I also read Alejandro Zamba’s Multiple Choice, a gift from one of my favorite people. It’s a weird book, a fiction/metafiction/poetry hybrid in the form of a standardized test, and the format takes some patience early on. But I liked it better as it went along, and by the end liked it so much that I wished it were longer. (It’s maybe 100 pages, the kind of book you can read in an hour.)
One short essay
Yesterday I was thrilled to see in my inbox a link to the new DIAGRAM, consistently one of my favorite places for nonfiction, which features this lovely essay by Kosiso Ugwuede. She just graduated from the MFA program where I teach, and I could rave about her work—I’m like the vice president of her fan club—but you should probably just go read it yourself.
32 Sounds
I saw this documentary a few weeks ago at my local indie theater, The Darkside, maybe my favorite place in Corvallis. Billed as “an immersive documentary,” I guess it exists in three forms, including a live version where audience members wear headphones. I saw the theatrical one, in a small indie theater with the best audio it can afford, so I probably missed out on some of the immersiveness of the live version. It’s loosely inspired by and structured after the 1993 CBC experimental doc Thirty Two Short Films About Glenn Gould, which my colleague and I did a very long podcast episode about a couple years back.
32 Sounds probably appeals to a niche audience, some Venn diagram of viewers with an interest in audio recording or production, arty non-narrative documentaries, and oblique Sebaldian inquiries into time and grief and loss. Luckily, that’s pretty much exactly me, so I loved it.
Love
This month I’ve been listening a lot to Black Beauty, the posthumous “lost” album by Love, the seminal LA psych-rock outfit first introduced to me by my SoCal roommate when I lived in San Francisco.

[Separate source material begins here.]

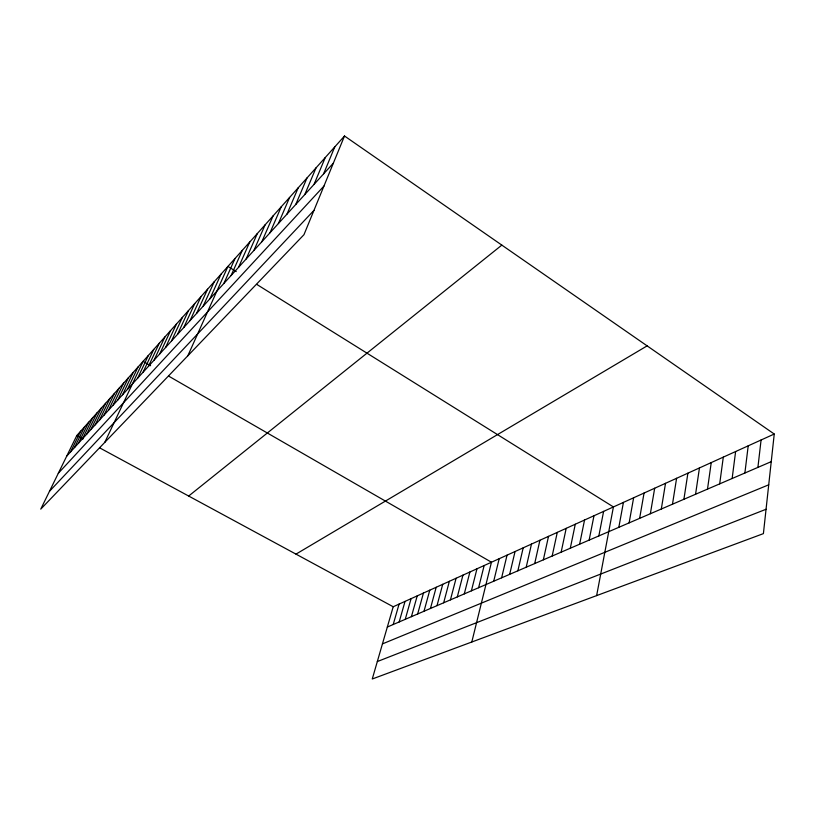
<?xml version="1.0" encoding="UTF-8"?>
<svg xmlns="http://www.w3.org/2000/svg" width="815" height="815" viewBox="0 0 815 815"><rect width="100%" height="100%" fill="white"/><g stroke="black" fill="none" stroke-linecap="round" stroke-linejoin="round"><path stroke-width="1.22" d="M774.25 434.028L763.4 533.631L372.261 678.997L393.207 606.757L774.25 434.028L344.511 136.003L76.824 435.495L40.75 509.131L303.964 234.7L344.511 136.003M757.909 467.403L761.078 439.998M744.879 473.016L748.211 445.825M732.145 478.497L735.619 451.541M719.686 483.865L723.302 457.123M707.502 489.122L711.24 462.584M695.572 494.257L699.453 467.932M683.907 499.279L687.901 473.169M672.487 504.2L676.593 478.293M661.311 509.018L665.519 483.315M650.36 513.735L654.679 488.226M639.632 518.35L644.054 493.044M629.129 522.884L633.632 497.771M618.83 527.315L623.424 502.397M596.631 595.612L613.42 506.93L256.807 284.425M598.842 535.924L603.609 511.382M589.143 540.111L593.982 515.742M579.628 544.206L584.549 520.021M570.306 548.22L575.278 524.218M561.148 552.163L566.191 528.344M552.163 556.034L557.277 532.378M543.35 559.834L548.515 536.351M534.701 563.562L539.917 540.253M526.205 567.22L531.482 544.074M517.861 570.816L523.189 547.833M509.67 574.341L515.049 551.531M501.622 577.815L507.042 555.158M493.717 581.217L499.177 558.713M471.804 642.006L491.455 562.218L168.746 376.163M478.609 587.727L484.151 565.529M471.396 590.834L476.969 568.789M464.285 593.891L469.898 571.987M457.307 596.906L462.94 575.145M450.43 599.871L456.094 578.253M443.666 602.784L449.36 581.299M437.003 605.647L442.728 584.304M430.452 608.469L436.198 587.269M424.004 611.25L429.78 590.182M417.657 613.99L423.443 593.045M411.402 616.68L417.219 595.877M405.249 619.329L411.076 598.658M399.177 621.947L405.035 601.399M393.207 624.514L399.075 604.098M323.565 173.931L334.761 146.914M314.05 184.384L325.256 157.54M304.79 194.561L316.006 167.89M295.753 204.484L306.99 177.986M286.962 214.151L298.188 187.827M278.384 223.575L289.61 197.424M270.02 232.764L281.246 206.786M261.86 241.729L273.076 215.914M253.893 250.47L265.109 224.838M246.13 259.007L257.326 233.548M238.54 267.351L249.726 242.055M231.124 275.49L242.3 250.358M223.891 283.447L235.036 258.477M187.847 355.758L227.945 266.423L236.228 271.589M209.903 298.81L221.008 274.186M203.139 306.236L214.223 281.776M196.527 313.5L207.581 289.203M190.058 320.611L201.081 296.466M177.538 334.364L188.51 310.535M183.732 327.559L194.734 303.577M171.476 341.016L182.417 317.361M165.547 347.536L176.447 324.034M159.73 353.924L170.6 330.574M154.045 360.179L164.875 336.982M143.002 372.312L153.76 349.411M148.462 366.312L159.261 343.258M137.643 378.201L148.371 355.452M127.435 389.407L138.092 366.944M104.778 442.372L143.083 361.361L150.592 365.701M122.576 394.745L133.191 372.424M113.122 405.137L123.656 383.091M117.808 399.992L128.383 377.803M104.004 415.151L114.467 393.38M108.517 410.19L119.021 388.276M95.212 424.819L105.593 403.303M99.562 420.031L109.984 398.382M90.923 429.525L101.264 408.142M82.58 438.694L92.839 417.565M86.716 434.151L97.016 412.899M70.579 451.877L80.726 431.125M74.511 447.557L84.699 426.683M78.515 443.166L88.733 422.16M66.718 456.125L333.335 163.194M58.303 473.291L323.932 186.085M49.481 491.302L313.948 210.392M188.662 496.04L501.836 245.111M295.977 554.129L647.13 345.866M387.329 627.051L771.235 461.657M382.439 643.901L768.718 484.813M377.314 661.566L766.049 509.273M76.824 435.495L83.12 438.908M99.838 447.955L393.207 606.757"/></g></svg>

They’ve since joined my regular rotation.2 I own and mostly listen to their first two albums, but lately I’ve been playing this one. It has an interesting backstory and is uneven in a way I like. This is probably my favorite song:
One time a heating repairman went into the attic and brought back an issue of Time commemorating Nixon’s election.
I mentioned Love in my last book, because Bobby Beausoleil, the Manson family henchman, murderer of Gary Hinman, and late-career Capote interviewee, played guitar in an early incarnation of the band.